__What the task asks__: The records below are to be copied word for word, with every picture left out.

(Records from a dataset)

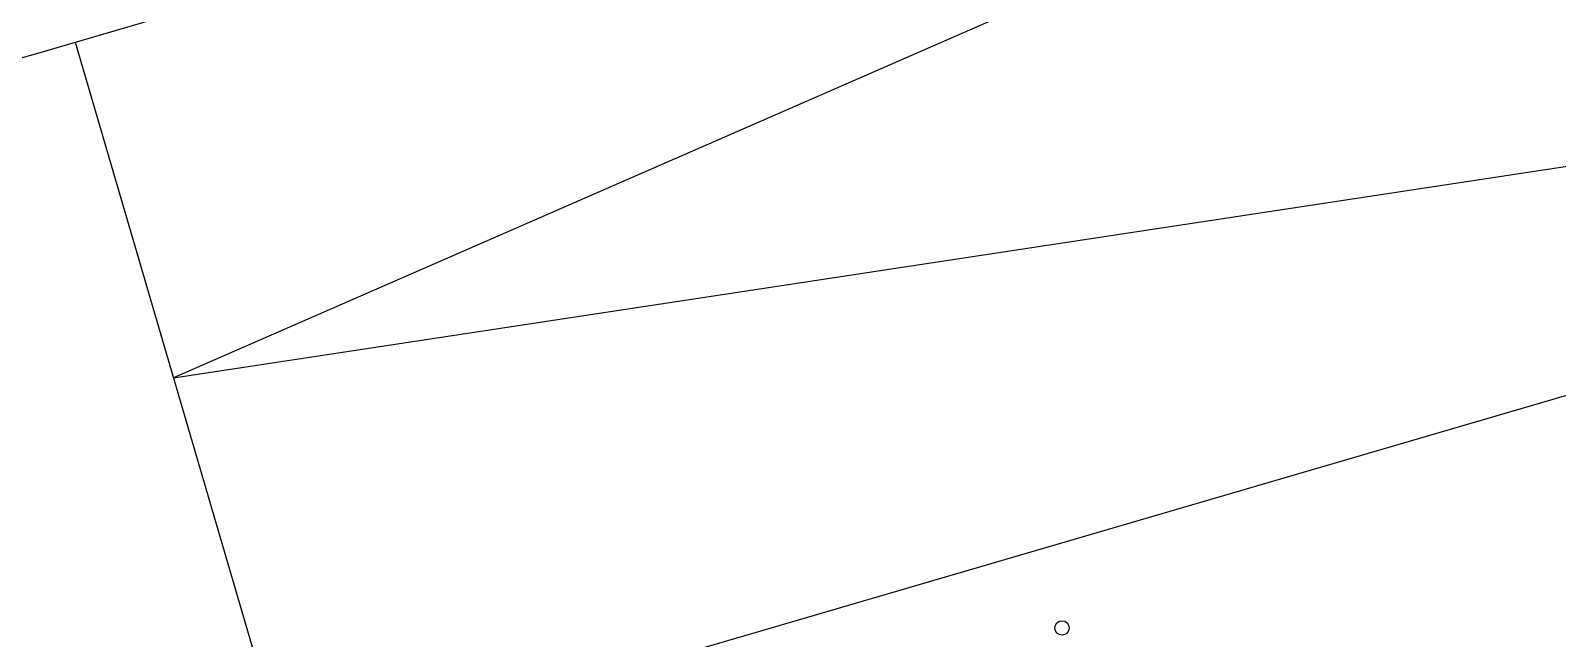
# Model space of a CAD drawing. Header units: millimetres. Extents: x 441061 to 442903, y 4515148 to 4515613.
# Drawn here: x 442188.375 to 442191.65, y 4515581.602 to 4515582.905 of the extents above; entities that cross this region are included whole.
import ezdxf

# ---------------------------------------------------------------- set-up
doc = ezdxf.new("R2010")
doc.units = ezdxf.units.MM
doc.linetypes.add('CONTINUA', pattern=[0])
doc.layers.add('01_piscinas', color=254, linetype='Continuous')

msp = doc.modelspace()

# ---------------------------------------------------------------- linework, layer by layer
at = {"color": 120, "linetype": 'CONTINUA'}
msp.add_line((442188.4714, 4515582.8806, 0), (442188.9276, 4515581.3206, 0), dxfattribs=at)
msp.add_lwpolyline([(442194.0361, 4515584.5), (442188.682, 4515582.1604), (442195.3158, 4515583.1682)], dxfattribs=at)
at = {"layer": '01_piscinas'}
msp.add_lwpolyline([(442135.1488, 4515588.09), (442145.7094, 4515570.4318), (442145.8846, 4515570.4821), (442151.8512, 4515572.2141), (442158.3515, 4515574.0906), (442162.9424, 4515575.4159), (442168.8518, 4515577.0963), (442172.9497, 4515578.3042), (442173.3861, 4515578.4332), (442185.2798, 4515581.9473), (442188.353, 4515582.846), (442188.3959, 4515582.8585), (442193.5749, 4515584.3731, 0.005834), (442201.6547, 4515586.6934, -0.002251), (442202.2382, 4515586.8384, -0.002318), (442202.8387, 4515586.9819, -0.000235), (442202.8539, 4515586.9855, -0.000109), (442202.8821, 4515586.9921, -0.024812), (442209.3988, 4515588.1754, -0.026464), (442216.4186, 4515588.7642, -0.005162), (442217.7932, 4515588.7923, -0.022761), (442226.109, 4515588.4978), (442231.1365, 4515588.1916), (442247.0934, 4515587.22)], format="xyb", dxfattribs=at)
at = {"layer": '01_piscinas', "elevation": 0}
msp.add_lwpolyline([(442204.3665, 4515585.659, 0.004391), (442203.2499, 4515585.4088, 0.000109), (442203.2235, 4515585.4026, 0.000253), (442203.2086, 4515585.3991, 0.002322), (442202.6217, 4515585.2589, 0.002118), (442202.0861, 4515585.1259, -0.0058), (442194.0167, 4515582.8088), (442188.8505, 4515581.298), (442188.8076, 4515581.2855), (442185.7366, 4515580.3874), (442179.8114, 4515578.6368)], format="xyb", dxfattribs=at)
at = {"layer": '01_piscinas'}
msp.add_circle((442190.5878, 4515581.6241), 0.0154, dxfattribs=at)

doc.saveas('drawing.dxf')

__Response to the task__:
# Model space of a CAD drawing. Header units: millimetres. Extents: x 441061 to 442903, y 4515148 to 4515613.
# Drawn here: x 442188.375 to 442191.65, y 4515581.602 to 4515582.905 of the extents above; entities that cross this region are included whole.
import ezdxf

# ---------------------------------------------------------------- set-up
doc = ezdxf.new("R2010")
doc.units = ezdxf.units.MM
doc.linetypes.add('CONTINUA', pattern=[0])
doc.layers.add('01_piscinas', color=254, linetype='Continuous')

msp = doc.modelspace()

# ---------------------------------------------------------------- linework, layer by layer
at = {"color": 120, "linetype": 'CONTINUA'}
msp.add_line((442188.4714, 4515582.8806, 0), (442188.9276, 4515581.3206, 0), dxfattribs=at)
msp.add_lwpolyline([(442194.0361, 4515584.5), (442188.682, 4515582.1604), (442195.3158, 4515583.1682)], dxfattribs=at)
at = {"layer": '01_piscinas'}
msp.add_lwpolyline([(442135.1488, 4515588.09), (442145.7094, 4515570.4318), (442145.8846, 4515570.4821), (442151.8512, 4515572.2141), (442158.3515, 4515574.0906), (442162.9424, 4515575.4159), (442168.8518, 4515577.0963), (442172.9497, 4515578.3042), (442173.3861, 4515578.4332), (442185.2798, 4515581.9473), (442188.353, 4515582.846), (442188.3959, 4515582.8585), (442193.5749, 4515584.3731, 0.005834), (442201.6547, 4515586.6934, -0.002251), (442202.2382, 4515586.8384, -0.002318), (442202.8387, 4515586.9819, -0.000235), (442202.8539, 4515586.9855, -0.000109), (442202.8821, 4515586.9921, -0.024812), (442209.3988, 4515588.1754, -0.026464), (442216.4186, 4515588.7642, -0.005162), (442217.7932, 4515588.7923, -0.022761), (442226.109, 4515588.4978), (442231.1365, 4515588.1916), (442247.0934, 4515587.22)], format="xyb", dxfattribs=at)
at = {"layer": '01_piscinas', "elevation": 0}
msp.add_lwpolyline([(442204.3665, 4515585.659, 0.004391), (442203.2499, 4515585.4088, 0.000109), (442203.2235, 4515585.4026, 0.000253), (442203.2086, 4515585.3991, 0.002322), (442202.6217, 4515585.2589, 0.002118), (442202.0861, 4515585.1259, -0.0058), (442194.0167, 4515582.8088), (442188.8505, 4515581.298), (442188.8076, 4515581.2855), (442185.7366, 4515580.3874), (442179.8114, 4515578.6368)], format="xyb", dxfattribs=at)
at = {"layer": '01_piscinas'}
msp.add_circle((442190.5878, 4515581.6241), 0.0154, dxfattribs=at)

doc.saveas('drawing.dxf')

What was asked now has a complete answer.